The First Applicant (Magubane) and Second Applicant (Khumalo), half-brothers, resided on Damascus farm in Mpumalanga Province and kept cattle there. The farm was owned by the Second Respondent and managed by the First Respondent (Beukes). On 13 December 2016, the Applicants broke a padlock to remove cattle from the farm for sale. On 14 December 2016, Beukes instructed his farm manager to remove the Applicants' cattle from the farm to his other farm, Goudhoek, without the Applicants' permission. Seventy-three cattle were removed and counted upon arrival at Goudhoek. The Applicants brought an urgent application for restoration of their cattle. An interim order was granted on 5 January 2017 and confirmed on 23 January 2017. Cattle were returned on 10 January 2017 (seventy-five cattle, including three calves born and minus one dead cow). The Applicants claimed not all cattle were returned and sought to hold the Respondents in contempt of court. However, material discrepancies emerged between the numbers claimed in the founding affidavit and the Applicants' testimony in court.
The application was dismissed with no order as to costs.

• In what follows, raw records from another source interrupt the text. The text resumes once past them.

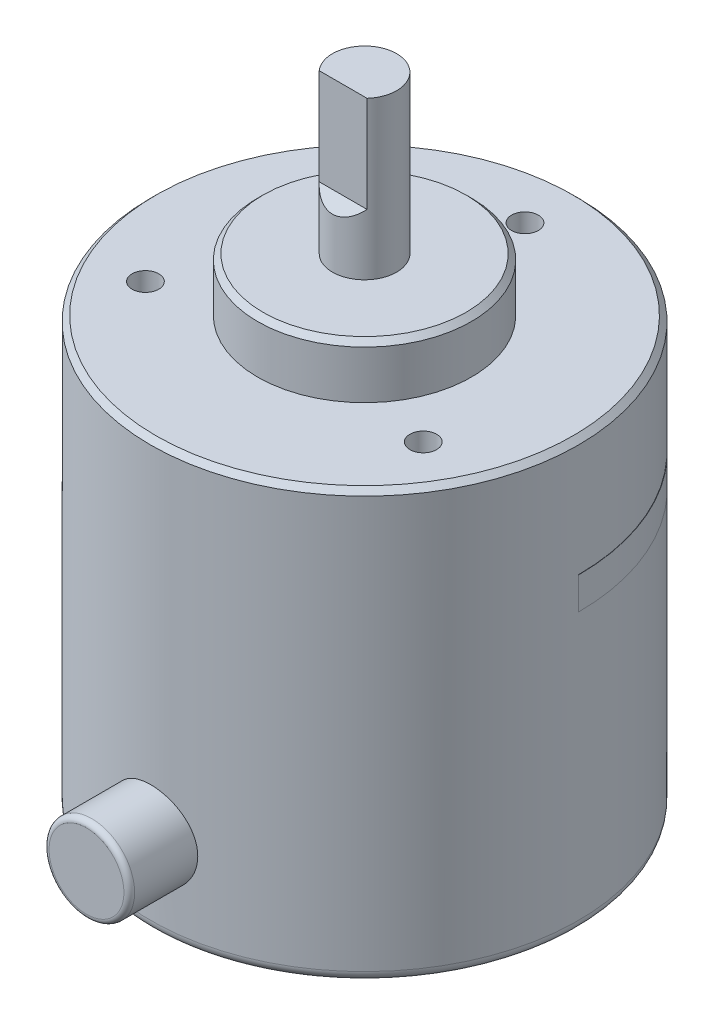
SolidWorks part; units mm, degrees
ref_plane "前视基准面" through (0, 0, 0) normal (0, 0, 1) x (1, 0, 0)
ref_plane "上视基准面" through (0, 0, 0) normal (0, 1, 0) x (1, 0, 0)
ref_plane "右视基准面" through (0, 0, 0) normal (1, 0, 0) x (0, 0, -1)
sketch "草图1" plane through (0, 0, 0) normal (0, 0, 1) x (1, 0, 0)
  line L0 (0, 0) -> (0, 59.7)
  line L1 (0, 59.7) -> (3, 59.7)
  line L2 (3, 59.7) -> (3, 45)
  line L3 (3, 45) -> (10, 45)
  line L4 (10, 45) -> (10, 40)
  line L5 (10, 40) -> (20, 40)
  line L6 (20, 40) -> (20, 0)
  line L7 (20, 0) -> (0, 0)
  dimension "D1" = 3
  dimension "D2" = 10
  dimension "D3" = 20
  dimension "D4" = 40
  dimension "D5" = 14.7
  dimension "D6" = 5
revolve "旋转1" add sketch "草图1" angle 360 about L0
sketch "草图2" plane through (0, 59.7, 0) normal (0, 1, 0) x (1, 0, 0)
  line L1 (6.4995, -7.0166) -> (-10.471, -7.0166)
  line L2 (6.4995, -7.0166) -> (6.4995, -2)
  line L3 (6.4995, -2) -> (-10.471, -2)
  line L4 (-10.471, -7.0166) -> (-10.471, -2)
  circle A0 centre (0, 0) radius 3 construction
  dimension "D1" = 2
extrude "切除-拉伸1" cut sketch "草图2" against normal blind 10
chamfer "倒角1" distance 1 angle 45 1 edges at (0, 49.7, 2)
sketch "草图3" plane through (0, 0, 0) normal (0, 0, 1) x (1, 0, 0)
  line L0 (-20, 0) -> (20, 0) construction
  circle A0 centre (0, 8) radius 4
  dimension "D1" = 8
  dimension "D2" = 8
extrude "凸台-拉伸1" add sketch "草图3" along normal blind 26
fillet "圆角1" radius 1 1 edges at (0, 0, -20)
fillet "圆角2" radius 0.5 1 edges at (4, 8, 26)
chamfer "倒角2" distance 0.5 angle 45 2 edges at (0, 40, -20) (0, 45, -10)
sketch "草图5" plane through (0, 40, 0) normal (0, 1, 0) x (1, 0, 0)
  line L1 (0, 15) -> (-12.9904, -7.5) construction
  line L2 (-12.9904, -7.5) -> (12.9904, -7.5) construction
  line L3 (12.9904, -7.5) -> (0, 15) construction
  circle A0 centre (0, 0) radius 15 construction
  dimension "D1" = 30
hole_wizard "M3 螺纹孔1" positions "草图6" profile "草图7" tap size "M3" standard "GB"
sketch "草图6" plane through (0, 40, 0) normal (0, 1, 0) x (1, 0, 0)
  point P0 (-12.9904, -7.5)
  point P3 (12.9904, -7.5)
  point P6 (0, 15)
sketch "草图7" plane through (-12.9904, 40, 7.5) normal (1, 0, 0) x (0, 0, 1)
  line L0 (0, 0) -> (0, 8.2511)
  line L1 (0, 8.2511) -> (1.25, 7.5)
  line L2 (1.25, 7.5) -> (1.25, 0)
  line L5 (1.25, 0) -> (0, 0)
  line L10 (0, 8.2511) -> (-1.25, 7.5) construction
  line L11 (0, -6.35) -> (0, 107.95) construction
  dimension "螺纹孔钻头直径" = 2.5
  dimension "螺纹孔钻头深度" = 7.5
  dimension "导头角度" = 118
cosmetic thread "孔螺蚊线1" parameters "D1"=6, "D2"=3
cosmetic thread "孔螺蚊线2" parameters "D1"=6, "D2"=3
cosmetic thread "孔螺蚊线3" parameters "D1"=6, "D2"=3
ref_plane "基准面1" through (0, 29, 0) normal (0, 1, 0) x (1, 0, 0)
sketch "草图8" plane through (0, 29, 0) normal (0, 1, 0) x (1, 0, 0)
  line L0 (20.025, 0) -> (-20.025, 0)
  arc A0 (20.025, 0) -> (-20.025, 0) centre (0, 0) ccw
  dimension "D1" = 40.05
extrude "凸台-拉伸2" add sketch "草图8" against normal blind 3

To succeed in a contempt of court application, an applicant must prove: (1) the existence of a court order; (2) that the order was served on or brought to the notice of the alleged contemnor; (3) non-compliance with the order; and (4) that the non-compliance was willful or mala fide. The onus shifts to the respondent to disprove willfulness only after the applicant has proved the first three requirements. Where there are material and unexplained discrepancies in an applicant's evidence regarding the extent of non-compliance with a court order, the applicant fails to discharge the burden of proving non-compliance, and the contempt application must fail. It is not necessary to consider the element of willfulness or mala fides if non-compliance has not been established.
The court made observations about costs in the Land Claims Court, noting that the practice is not to make cost orders unless there are good reasons to do so, a practice confirmed by the Supreme Court of Appeal in Haak Doutmbly Boerdery CC v Mpela 2007 (5) SA 567 (SCA). The court also commented on the argument for a de bonis propriis costs order against the attorney, observing that discrepancies between papers and oral evidence do not necessarily indicate attorney negligence where the attorney drafted based on information provided by the clients. The court emphasized that the rule of law requires that the dignity and authority of courts be upheld, and disobedience to court orders risks rendering courts impotent, quoting extensively from Pheko v Ekurhuleni City on this point.
This judgment is significant in the context of South African contempt of court law as it reinforces the well-established requirements for proving contempt and emphasizes that applicants bear the burden of proving non-compliance with a court order beyond the mere assertion of non-compliance. The case demonstrates the importance of consistency between pleadings and evidence, particularly in numerical claims. It also confirms the Land Claims Court's practice (approved by the Supreme Court of Appeal in Haak Doutmbly Boerdery CC v Mpela) of not awarding costs except where good reasons exist, reflecting the court's sensitivity to the socio-economic context of land disputes. The judgment highlights the principle that where material discrepancies exist in an applicant's case regarding the very basis of the contempt allegation, the application must fail.